"To niezwykle poważna kwestia, zarówno w wymiarze poselskim, a szczególnie w wymiarze komisji śledczej, gdzie kwalifikacja moralna jest właściwie warunkiem sine qua non powodzenia naszych prac" - uważa Lewandowski.
"Ja żadnych podpisów nie podrobiłam, jest to manipulacja medialna" - oświadczyła na to Beger. Dodała, że argumentacja Lewandowskiego nie jest dla niej wystarczająca.
"Może występować różnica oceny samego faktu, ale sprawa znajduje swoje odzwierciedlenie, jest sprawą publiczną. To naprawdę będzie fatalnie wpływać na wizerunek komisji śledczej" - argumentował Lewandowski.
Poznańska prokuratura chce oskarżyć Beger oraz posła Józefa Skowyrę (LPR) o fałszowanie list wyborczych.
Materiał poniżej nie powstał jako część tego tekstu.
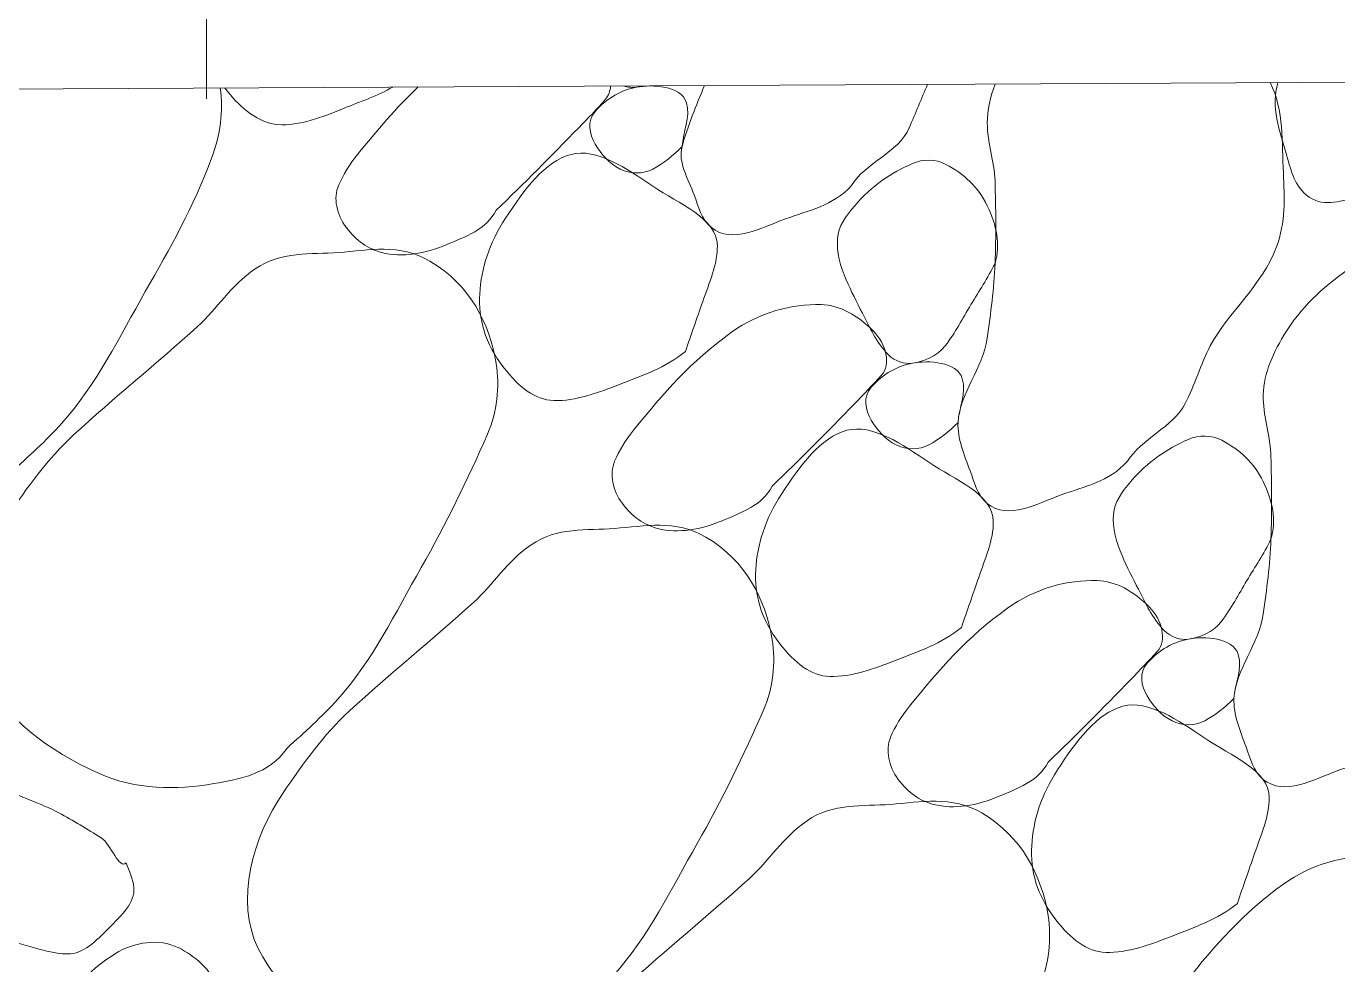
# Model space of a CAD drawing. Header units: feet. Extents: x 47819 to 50150, y 49272 to 50730.
# Drawn here: x 49383.6 to 49388.99, y 50345.55 to 50349.41 of the extents above; entities that cross this region are included whole.
import ezdxf

# ---------------------------------------------------------------- set-up
doc = ezdxf.new("R2010")
doc.units = ezdxf.units.FT
doc.header["$MEASUREMENT"] = 0
doc.linetypes.add('HIDDEN', pattern=[0.375, 0.25, -0.125])
doc.layers.add('GRID', color=254, linetype='HIDDEN')
doc.layers.add('Level 30', color=1, linetype='Continuous', lineweight=0)
doc.layers.add('Level 45', color=1, linetype='Continuous', lineweight=0)

msp = doc.modelspace()

# ---------------------------------------------------------------- linework, layer by layer
at = {"layer": 'GRID', "color": 252, "linetype": 'HIDDEN', "lineweight": 0, "ltscale": 33}
msp.add_line((49384.3419, 50691.4834), (49384.3419, 49418.7228), dxfattribs=at)
at = {"layer": 'Level 30', "color": 1, "linetype": 'Continuous', "lineweight": 0}
for points, knots in [([(49388.7116, 50349.1743), (49388.7685, 50349.0606), (49388.7596, 50348.9272), (49388.7657, 50348.8032), (49388.7706, 50348.7022), (49388.7751, 50348.5994), (49388.7374, 50348.4992), (49388.6771, 50348.3385), (49388.5404, 50348.2343), (49388.4652, 50348.0926), (49388.4255, 50348.0178), (49388.4017, 50347.9305), (49388.3626, 50347.8557), (49388.3119, 50347.7586), (49388.1807, 50347.7114), (49388.1258, 50347.6188)], [0, 0, 0, 0, 0.212731, 0.212731, 0.212731, 0.385961, 0.385961, 0.385961, 0.663536, 0.663536, 0.663536, 0.809962, 0.809962, 0.809962, 1, 1, 1, 1]), ([(49389.2819, 50348.7749), (49389.2191, 50348.7076), (49389.1475, 50348.7177), (49389.0768, 50348.7042), (49389.01, 50348.6915), (49388.9353, 50348.6596), (49388.8718, 50348.7042), (49388.8119, 50348.7462), (49388.7979, 50348.8104), (49388.7798, 50348.8739), (49388.7515, 50348.9736), (49388.7125, 50349.0785), (49388.7434, 50349.1744)], [0, 0, 0, 0, 0.236363, 0.236363, 0.236363, 0.459814, 0.459814, 0.459814, 0.670126, 0.670126, 0.670126, 1, 1, 1, 1]), ([(49384.3988, 50349.1527), (49384.4128, 50349.057), (49384.3988, 50348.9593), (49384.3632, 50348.864), (49384.2884, 50348.6636), (49384.1935, 50348.4946), (49384.091, 50348.316), (49383.9837, 50348.1291), (49383.8921, 50347.9355), (49383.7481, 50347.7751), (49383.6828, 50347.7024), (49383.6108, 50347.6391), (49383.5395, 50347.5736)], [0, 0, 0, 0, 0.158671, 0.158671, 0.158671, 0.492436, 0.492436, 0.492436, 0.841794, 0.841794, 0.841794, 1, 1, 1, 1]), ([(49385.1078, 50349.1563), (49385.0447, 50349.1199), (49384.9755, 50349.0968), (49384.9077, 50349.0691), (49384.8206, 50349.0335), (49384.7239, 50348.9956), (49384.6355, 50349.0019), (49384.5582, 50349.0074), (49384.4816, 50349.0713), (49384.4304, 50349.1363), (49384.4261, 50349.1418), (49384.422, 50349.1472), (49384.4179, 50349.1528)], [0, 0, 0, 0, 0.285489, 0.285489, 0.285489, 0.652213, 0.652213, 0.652213, 0.972836, 0.972836, 0.972836, 1, 1, 1, 1]), ([(49385.5321, 50348.6498), (49385.4917, 50348.5707), (49385.4062, 50348.5418), (49385.327, 50348.5083), (49385.2421, 50348.4724), (49385.1469, 50348.4546), (49385.0619, 50348.4765), (49385.0053, 50348.4911), (49384.9577, 50348.5246), (49384.9169, 50348.5791), (49384.8765, 50348.633), (49384.8622, 50348.7006), (49384.8851, 50348.7523), (49384.9045, 50348.7961), (49384.9303, 50348.8407), (49384.9629, 50348.8796), (49385.0443, 50348.9766), (49385.1205, 50349.0727), (49385.2119, 50349.1568)], [0, 0, 0, 0, 0.178992, 0.178992, 0.178992, 0.370896, 0.370896, 0.370896, 0.498478, 0.498478, 0.498478, 0.625045, 0.625045, 0.625045, 0.732228, 0.732228, 0.732228, 1, 1, 1, 1]), ([(49386.0021, 50349.1607), (49386.0009, 50349.1412), (49385.9941, 50349.1211), (49385.9811, 50349.1059), (49385.9457, 50349.0642), (49385.9092, 50349.0279), (49385.8715, 50348.9892), (49385.7584, 50348.873), (49385.6452, 50348.7582), (49385.5321, 50348.6498)], [0, 0, 0, 0, 0.08411, 0.08411, 0.08411, 0.313166, 0.313166, 0.313166, 1, 1, 1, 1]), ([(49386.2958, 50348.9114), (49386.2577, 50348.8733), (49386.2198, 50348.8436), (49386.1756, 50348.8195), (49386.1363, 50348.7981), (49386.083, 50348.7981), (49386.0412, 50348.8195), (49385.9961, 50348.8425), (49385.9642, 50348.8795), (49385.9387, 50348.922), (49385.915, 50348.9614), (49385.9044, 50349.0175), (49385.9387, 50349.0564), (49385.9888, 50349.1131), (49386.0491, 50349.1441), (49386.1084, 50349.1553), (49386.1731, 50349.1676), (49386.2921, 50349.1627), (49386.3134, 50349.0917), (49386.3315, 50349.0318), (49386.2992, 50348.9717), (49386.2958, 50348.9114)], [0, 0, 0, 0, 0.13075, 0.13075, 0.13075, 0.246831, 0.246831, 0.246831, 0.372114, 0.372114, 0.372114, 0.488195, 0.488195, 0.488195, 0.657947, 0.657947, 0.657947, 0.84346, 0.84346, 0.84346, 1, 1, 1, 1]), ([(49386.1386, 50349.1614), (49386.1286, 50349.1588), (49386.1185, 50349.1567), (49386.1084, 50349.1553), (49386.0912, 50349.1531), (49386.073, 50349.1555), (49386.0562, 50349.161)], [0, 0, 0, 0, 0.369634, 0.369634, 0.369634, 1, 1, 1, 1]), ([(49386.9923, 50348.7523), (49386.9148, 50348.6676), (49386.8158, 50348.6495), (49386.72, 50348.6144), (49386.624, 50348.5792), (49386.5005, 50348.5094), (49386.416, 50348.5791), (49386.374, 50348.6136), (49386.3635, 50348.6644), (49386.3453, 50348.7134), (49386.3208, 50348.7792), (49386.2782, 50348.8472), (49386.2958, 50348.9114), (49386.3188, 50348.9956), (49386.3539, 50349.0801), (49386.3881, 50349.1627)], [0, 0, 0, 0, 0.247118, 0.247118, 0.247118, 0.494998, 0.494998, 0.494998, 0.617942, 0.617942, 0.617942, 0.783206, 0.783206, 0.783206, 1, 1, 1, 1]), ([(49387.3041, 50349.1673), (49387.279, 50349.1079), (49387.2542, 50349.0485), (49387.2291, 50348.9892), (49387.1857, 50348.8863), (49387.0467, 50348.8451), (49386.9923, 50348.7523)], [0, 0, 0, 0, 0.365776, 0.365776, 0.365776, 1, 1, 1, 1]), ([(49388.1258, 50347.6188), (49388.0483, 50347.5341), (49387.9492, 50347.516), (49387.8535, 50347.4809), (49387.7575, 50347.4457), (49387.634, 50347.3759), (49387.5495, 50347.4456), (49387.5075, 50347.4801), (49387.4969, 50347.5309), (49387.4788, 50347.5799), (49387.4544, 50347.6458), (49387.4264, 50347.713), (49387.4293, 50347.7779), (49387.4343, 50347.8945), (49387.5327, 50348.0038), (49387.5495, 50348.1244), (49387.5636, 50348.226), (49387.5773, 50348.329), (49387.5813, 50348.432), (49387.5856, 50348.545), (49387.5848, 50348.6586), (49387.5813, 50348.7714), (49387.5788, 50348.8508), (49387.5489, 50348.9294), (49387.5495, 50349.0083), (49387.5498, 50349.0622), (49387.5614, 50349.1176), (49387.582, 50349.1686)], [0, 0, 0, 0, 0.12794, 0.12794, 0.12794, 0.256274, 0.256274, 0.256274, 0.319925, 0.319925, 0.319925, 0.405487, 0.405487, 0.405487, 0.559244, 0.559244, 0.559244, 0.688889, 0.688889, 0.688889, 0.831187, 0.831187, 0.831187, 0.931391, 0.931391, 0.931391, 1, 1, 1, 1]), ([(49386.3099, 50348.0699), (49386.2259, 50348.0016), (49386.1364, 50347.9734), (49386.0412, 50347.9356), (49385.9524, 50347.9003), (49385.8581, 50347.8658), (49385.769, 50347.8684), (49385.691, 50347.8707), (49385.6247, 50347.9252), (49385.5639, 50348.0028), (49385.4846, 50348.1039), (49385.4593, 50348.2058), (49385.4649, 50348.3068), (49385.4706, 50348.4107), (49385.5034, 50348.5143), (49385.571, 50348.6179), (49385.648, 50348.7361), (49385.7321, 50348.851), (49385.8397, 50348.8796), (49385.943, 50348.9071), (49386.0678, 50348.822), (49386.1756, 50348.7488), (49386.2833, 50348.6756), (49386.4389, 50348.6187), (49386.4407, 50348.5048), (49386.4419, 50348.4297), (49386.4063, 50348.3499), (49386.3806, 50348.275), (49386.3572, 50348.2066), (49386.3326, 50348.1386), (49386.3099, 50348.0699)], [0, 0, 0, 0, 0.099321, 0.099321, 0.099321, 0.192025, 0.192025, 0.192025, 0.273076, 0.273076, 0.273076, 0.378794, 0.378794, 0.378794, 0.48747, 0.48747, 0.48747, 0.61146, 0.61146, 0.61146, 0.73063, 0.73063, 0.73063, 0.849753, 0.849753, 0.849753, 0.928287, 0.928287, 0.928287, 1, 1, 1, 1]), ([(49387.5813, 50348.432), (49387.5504, 50348.3697), (49387.5162, 50348.3186), (49387.4823, 50348.2623), (49387.4478, 50348.2049), (49387.419, 50348.1486), (49387.3762, 50348.0926), (49387.3437, 50348.05), (49387.288, 50348.0281), (49387.2419, 50348.0219), (49387.2099, 50348.0176), (49387.1704, 50348.0286), (49387.1429, 50348.0572), (49387.0905, 50348.1117), (49387.0683, 50348.1674), (49387.0368, 50348.2269), (49387.0127, 50348.2725), (49386.9906, 50348.3174), (49386.9696, 50348.3648), (49386.946, 50348.4184), (49386.9303, 50348.4791), (49386.9343, 50348.5345), (49386.9377, 50348.583), (49386.968, 50348.6261), (49387.005, 50348.6689), (49387.0765, 50348.7516), (49387.1528, 50348.8025), (49387.2419, 50348.8421), (49387.2838, 50348.8607), (49387.3372, 50348.8612), (49387.3798, 50348.8386), (49387.4539, 50348.7992), (49387.511, 50348.7468), (49387.5495, 50348.6689), (49387.5878, 50348.5912), (49387.6042, 50348.5077), (49387.5813, 50348.432)], [0, 0, 0, 0, 0.087607, 0.087607, 0.087607, 0.176844, 0.176844, 0.176844, 0.244543, 0.244543, 0.244543, 0.291416, 0.291416, 0.291416, 0.380653, 0.380653, 0.380653, 0.449046, 0.449046, 0.449046, 0.526343, 0.526343, 0.526343, 0.594042, 0.594042, 0.594042, 0.724902, 0.724902, 0.724902, 0.786407, 0.786407, 0.786407, 0.893425, 0.893425, 0.893425, 1, 1, 1, 1]), ([(49384.673, 50346.4401), (49384.5984, 50346.3325), (49384.4809, 50346.3143), (49384.3724, 50346.2951), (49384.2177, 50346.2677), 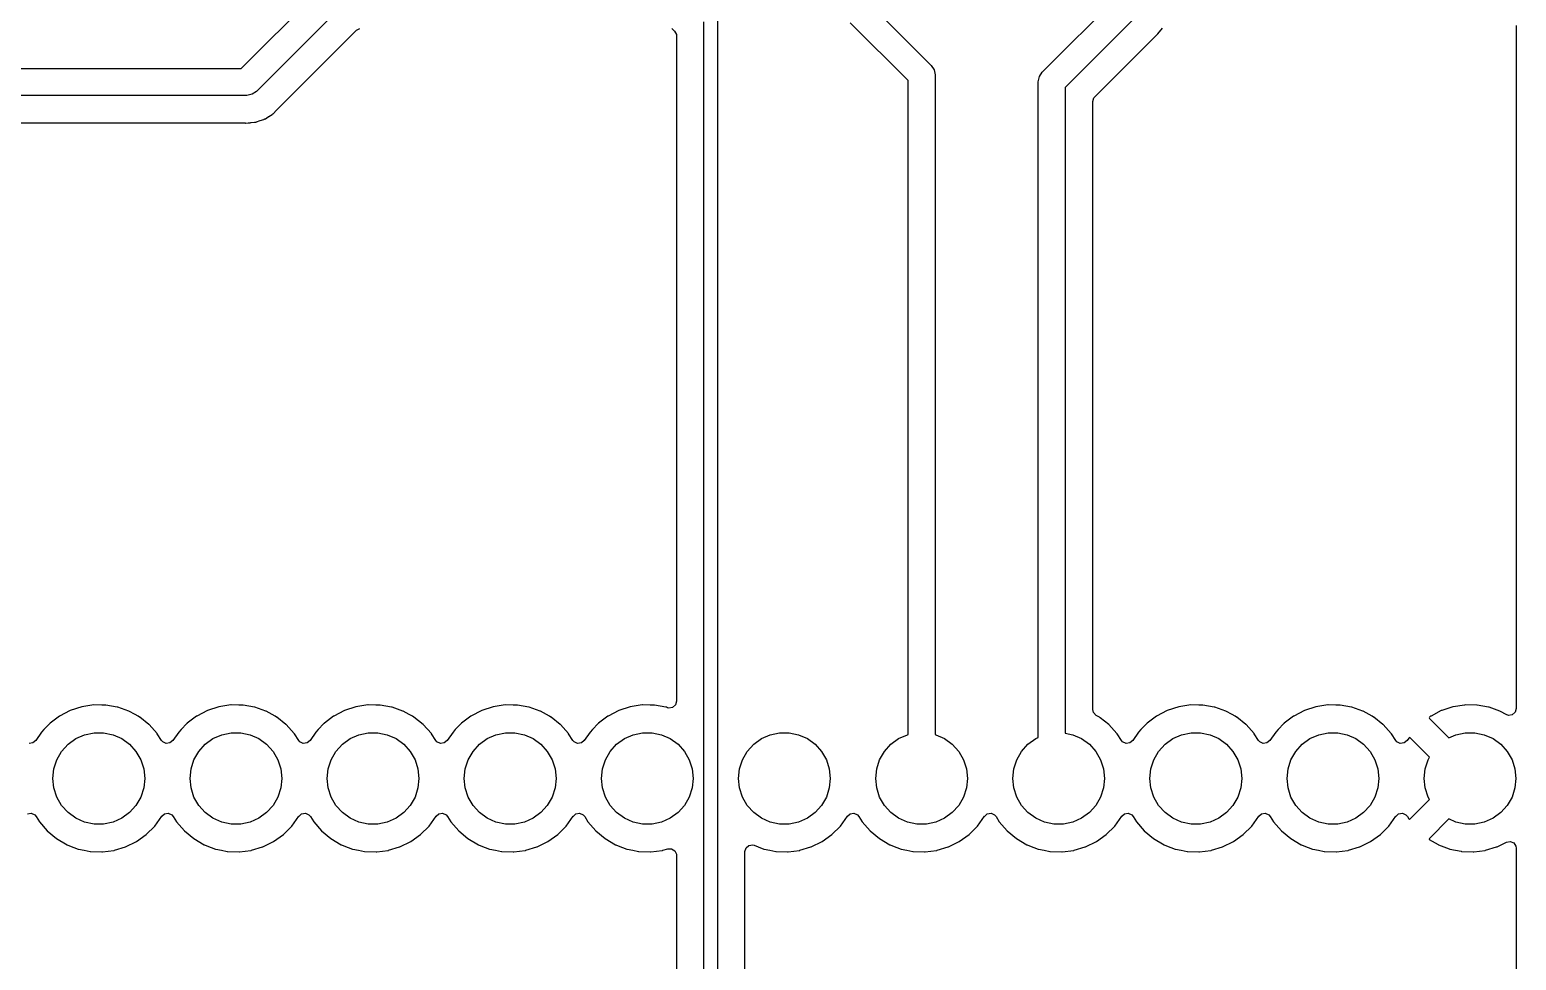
# Model space of a CAD drawing. Extents: x 132 to 182, y -154 to -53.
# Drawn here: x 154.8 to 182.34, y -136.67 to -119.43 of the extents above; entities that cross this region are included whole.
import ezdxf

# ---------------------------------------------------------------- set-up
doc = ezdxf.new("R2010")
doc.units = 0
doc.layers.add('BLACK', color=7, linetype='CONTINUOUS')

msp = doc.modelspace()

# ---------------------------------------------------------------- linework, layer by layer
at = {"layer": 'BLACK', "linetype": 'CONTINUOUS'}
for p, q in [((158.723, -120.146), (160.415, -118.454)), ((160.767, -118.808), (159.003, -120.573)), ((170.357, -118.949), (171.5, -120.092)), ((173.559, -120.219), (174.956, -118.822)), ((175.31, -119.176), (173.986, -120.5)), ((159.372, -120.923), (160.854, -119.44)), ((160.854, -119.44), (160.917, -119.406)), ((166.698, -119.41), (166.748, -119.46)), ((166.748, -119.46), (166.782, -119.522)), ((167.293, -143.865), (167.293, -119.286)), ((167.543, -119.234), (167.543, -143.917)), ((171.073, -120.373), (170.003, -119.303)), ((174.531, -120.673), (175.701, -119.504)), ((175.701, -119.504), (175.783, -119.4)), ((182.339, -119.354), (182.339, -132.007)), ((166.782, -119.522), (166.784, -119.549)), ((166.784, -119.549), (166.784, -131.871)), ((137.666, -120.146), (158.723, -120.146)), ((171.5, -120.092), (171.554, -120.173)), ((171.554, -120.173), (171.573, -120.269)), ((171.573, -120.269), (171.573, -132.488)), ((173.486, -120.396), (173.505, -120.3)), ((173.505, -120.3), (173.559, -120.219)), ((159.003, -120.573), (158.922, -120.627)), ((171.073, -132.488), (171.073, -120.373)), ((173.486, -132.542), (173.486, -120.396)), ((173.986, -120.5), (173.986, -132.461)), ((158.826, -120.646), (137.77, -120.646)), ((158.922, -120.627), (158.826, -120.646)), ((174.494, -120.762), (174.515, -120.694)), ((174.494, -132.022), (174.494, -120.762)), ((174.515, -120.694), (174.531, -120.673)), ((139.304, -121.154), (158.759, -121.154)), ((158.759, -121.154), (158.778, -121.156)), ((158.778, -121.156), (158.792, -121.158)), ((158.807, -121.159), (158.852, -121.155)), ((158.852, -121.155), (158.862, -121.154)), ((158.862, -121.154), (158.87, -121.154)), ((158.87, -121.154), (158.884, -121.153)), ((158.884, -121.153), (158.899, -121.151)), ((158.899, -121.151), (158.903, -121.151)), ((158.903, -121.151), (158.969, -121.145)), ((158.969, -121.145), (158.969, -121.145)), ((158.969, -121.145), (158.976, -121.145)), ((158.976, -121.145), (158.983, -121.143)), ((158.983, -121.143), (158.989, -121.141)), ((158.989, -121.141), (158.995, -121.14)), ((158.995, -121.14), (159.002, -121.139)), ((159.002, -121.139), (159.071, -121.114)), ((159.071, -121.114), (159.075, -121.113)), ((159.075, -121.113), (159.137, -121.093)), ((159.137, -121.093), (159.144, -121.09)), ((159.137, -121.093), (159.137, -121.093)), ((159.144, -121.09), (159.15, -121.087)), ((159.15, -121.087), (159.156, -121.084)), ((159.156, -121.084), (159.161, -121.081)), ((159.161, -121.081), (159.168, -121.079)), ((159.168, -121.079), (159.221, -121.044)), ((159.221, -121.044), (159.229, -121.039)), ((159.229, -121.039), (159.233, -121.036)), ((159.233, -121.036), (159.295, -120.999)), ((159.295, -120.999), (159.304, -120.991)), ((159.304, -120.991), (159.307, -120.989)), ((159.304, -120.991), (159.304, -120.991)), ((159.307, -120.989), (159.31, -120.986)), ((159.31, -120.986), (159.316, -120.982)), ((159.316, -120.982), (159.369, -120.926)), ((159.369, -120.926), (159.372, -120.923)), ((158.792, -121.158), (158.792, -121.158)), ((158.792, -121.158), (158.8, -121.159)), ((158.8, -121.159), (158.807, -121.159)), ((158.807, -121.159), (158.807, -121.159)), ((166.784, -131.871), (166.764, -131.94)), ((155.352, -132.149), (155.182, -132.277)), ((155.357, -132.146), (155.352, -132.149)), ((155.352, -132.149), (155.352, -132.149)), ((155.555, -132.043), (155.357, -132.146)), ((155.767, -131.973), (155.555, -132.043)), ((155.988, -131.939), (155.767, -131.973)), ((155.993, -131.939), (155.988, -131.939)), ((156.137, -131.941), (155.993, -131.939)), ((155.993, -131.939), (155.993, -131.939)), ((156.211, -131.942), (156.137, -131.941)), ((156.216, -131.943), (156.211, -131.942)), ((156.426, -131.98), (156.216, -131.943)), ((156.216, -131.943), (156.216, -131.943)), ((156.431, -131.981), (156.426, -131.98)), ((156.426, -131.98), (156.426, -131.98)), ((156.436, -131.983), (156.431, -131.981)), ((156.637, -132.054), (156.436, -131.983)), ((156.436, -131.983), (156.436, -131.983)), ((156.642, -132.056), (156.637, -132.054)), ((156.637, -132.054), (156.637, -132.054)), ((156.754, -132.118), (156.642, -132.056)), ((156.812, -132.15), (156.754, -132.118)), ((156.837, -132.164), (156.812, -132.15)), ((156.841, -132.167), (156.837, -132.164)), ((157.009, -132.299), (156.841, -132.167)), ((156.841, -132.167), (156.841, -132.167)), ((157.892, -132.149), (157.722, -132.277)), ((157.897, -132.146), (157.892, -132.149)), ((157.892, -132.149), (157.892, -132.149)), ((158.095, -132.043), (157.897, -132.146)), ((158.307, -131.973), (158.095, -132.043)), ((158.528, -131.939), (158.307, -131.973)), ((158.533, -131.939), (158.528, -131.939)), ((158.677, -131.941), (158.533, -131.939)), ((158.533, -131.939), (158.533, -131.939)), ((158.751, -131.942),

Według niej, posłowie sami dopisywali nazwiska, adresy i numery PESEL wyborców, którzy ich popierają jako kandydatów do Sejmu. Osoby, których nazwiska znalazły się na listach, w większości zaprzeczyły, że kiedykolwiek je podpisały. Za przestępstwo przeciwko wyborom kodeks karny przewiduje karę pozbawienia wolności do lat pięciu.